HiCognition: A computational tool to navigate the genome in 3D

The genetic information is encoded in very long DNA molecules, which adopt specific three-dimensional organization inside cells to support various functions. Understanding how the three-dimensional organization of DNA relates to the binding of regulatory factors and activities has been challenging, owing to the large size and complexity of genomes. Researchers from Daniel Gerlich’s group at IMBA developed HiCognition, a computational tool that allows biologists to browse complex data through thousands of genomic regions in real time. The findings were published on July 5 in Genome Biology.

Complex functions such as gene expression, recombination, and chromosome segregation require highly regulated and coordinated folding of DNA inside cells. This organization depends on thousands of proteins and chemical modifications that determine chromatin structure.

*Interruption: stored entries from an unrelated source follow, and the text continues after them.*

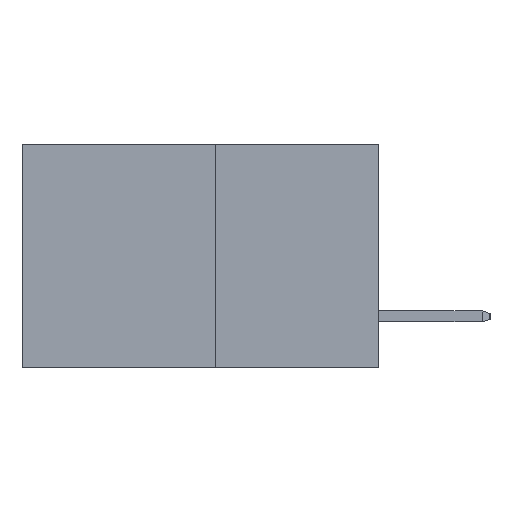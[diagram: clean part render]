
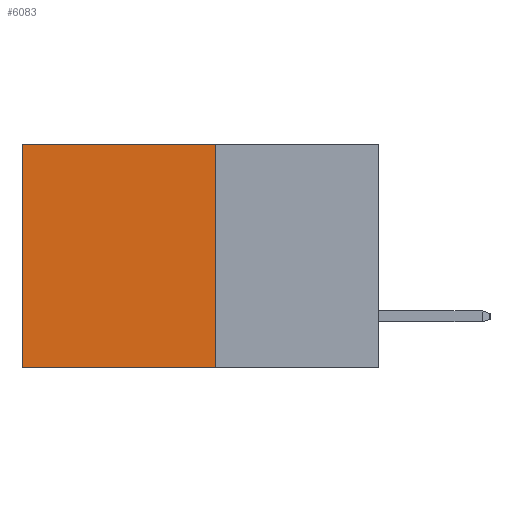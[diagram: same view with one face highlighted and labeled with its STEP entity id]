
A CAD part, left-side view. The second image highlights one B-rep face of the part: STEP entity #6083.
In plain terms, the highlighted planar face has unit normal (-1, 0, 0).
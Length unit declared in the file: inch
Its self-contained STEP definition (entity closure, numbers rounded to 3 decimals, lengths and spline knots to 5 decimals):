
#415 = VECTOR ( 'NONE', #7831, 39.37008 ) ;
#428 = CARTESIAN_POINT ( 'NONE',  ( 0.277, 0.27, -0.37 ) ) ;
#478 = VECTOR ( 'NONE', #9191, 39.37008 ) ;
#560 = EDGE_CURVE ( 'NONE', #9630, #5116, #2737, .T. ) ;
#608 = CARTESIAN_POINT ( 'NONE',  ( 0.277, 0.27, -0.37 ) ) ;
#710 = PLANE ( 'NONE',  #6329 ) ;
#1244 = EDGE_CURVE ( 'NONE', #9630, #8116, #9222, .T. ) ;
#2123 = EDGE_LOOP ( 'NONE', ( #2731, #2763, #2784, #2891 ) ) ;
#2396 = DIRECTION ( 'NONE',  ( 0., 0., -1. ) ) ;
#2480 = DIRECTION ( 'NONE',  ( 0., 0., -1. ) ) ;
#2731 = ORIENTED_EDGE ( 'NONE', *, *, #3384, .T. ) ;
#2737 = LINE ( 'NONE', #6709, #478 ) ;
#2739 = DIRECTION ( 'NONE',  ( 1., 0., 0. ) ) ;
#2763 = ORIENTED_EDGE ( 'NONE', *, *, #7382, .F. ) ;
#2784 = ORIENTED_EDGE ( 'NONE', *, *, #1244, .F. ) ;
#2891 = ORIENTED_EDGE ( 'NONE', *, *, #560, .T. ) ;
#3095 = VECTOR ( 'NONE', #4974, 39.37008 ) ;
#3384 = EDGE_CURVE ( 'NONE', #5116, #6209, #5926, .T. ) ;
#3541 = CARTESIAN_POINT ( 'NONE',  ( 0.277, 0.59, -0.37 ) ) ;
#3855 = VECTOR ( 'NONE', #2396, 39.37008 ) ;
#4974 = DIRECTION ( 'NONE',  ( 0., 0., -1. ) ) ;
#5065 = FACE_OUTER_BOUND ( 'NONE', #2123, .T. ) ;
#5116 = VERTEX_POINT ( 'NONE', #7268 ) ;
#5922 = CARTESIAN_POINT ( 'NONE',  ( 0.277, 0.27, 0. ) ) ;
#5926 = LINE ( 'NONE', #3541, #3855 ) ;
#6083 = ADVANCED_FACE ( 'NONE', ( #5065 ), #710, .F. ) ;
#6209 = VERTEX_POINT ( 'NONE', #9226 ) ;
#6329 = AXIS2_PLACEMENT_3D ( 'NONE', #428, #2739, #2480 ) ;
#6709 = CARTESIAN_POINT ( 'NONE',  ( 0.277, 0.27, 0. ) ) ;
#6762 = LINE ( 'NONE', #7126, #415 ) ;
#7126 = CARTESIAN_POINT ( 'NONE',  ( 0.277, 0.27, -0.37 ) ) ;
#7268 = CARTESIAN_POINT ( 'NONE',  ( 0.277, 0.59, 0. ) ) ;
#7271 = CARTESIAN_POINT ( 'NONE',  ( 0.277, 0.27, -0.37 ) ) ;
#7382 = EDGE_CURVE ( 'NONE', #8116, #6209, #6762, .T. ) ;
#7831 = DIRECTION ( 'NONE',  ( 0., 1., 0. ) ) ;
#8116 = VERTEX_POINT ( 'NONE', #7271 ) ;
#9191 = DIRECTION ( 'NONE',  ( 0., 1., 0. ) ) ;
#9222 = LINE ( 'NONE', #608, #3095 ) ;
#9226 = CARTESIAN_POINT ( 'NONE',  ( 0.277, 0.59, -0.37 ) ) ;
#9630 = VERTEX_POINT ( 'NONE', #5922 ) ;

Yet, establishing a direct link between 3D genome organization and physiological functions is often complex and tedious, owing to the high variability between different genomic regions and the multitude of factors involved.

Researchers from IMBA Senior Scientist Daniel Gerlich’s lab developed HiCognition, a visualization and machine-learning tool that allows biologists to navigate large, multi-dimensional genomics data. According to the team, this tool will provide researchers with unprecedented opportunities to understand fundamental mechanisms that influence genome structure and function. The study, co-first authored by the bioinformaticians Christoph Langer and Michael Mitter, also provides an example of HiCognition’s applicability: the authors show how epigenetic marks as well as the cohesin complex organize the conformation of genes.

HiCognition combines an interactive visualization interface with high-performance data processing, statistical tools, and machine learning. HiCognition’s fast and computationally efficient implementation allows real-time browsing through thousands of genomic regions. These properties will substantially accelerate hypothesis testing by integrating data obtained with several experimental techniques, under various experimental conditions, and in different cell states.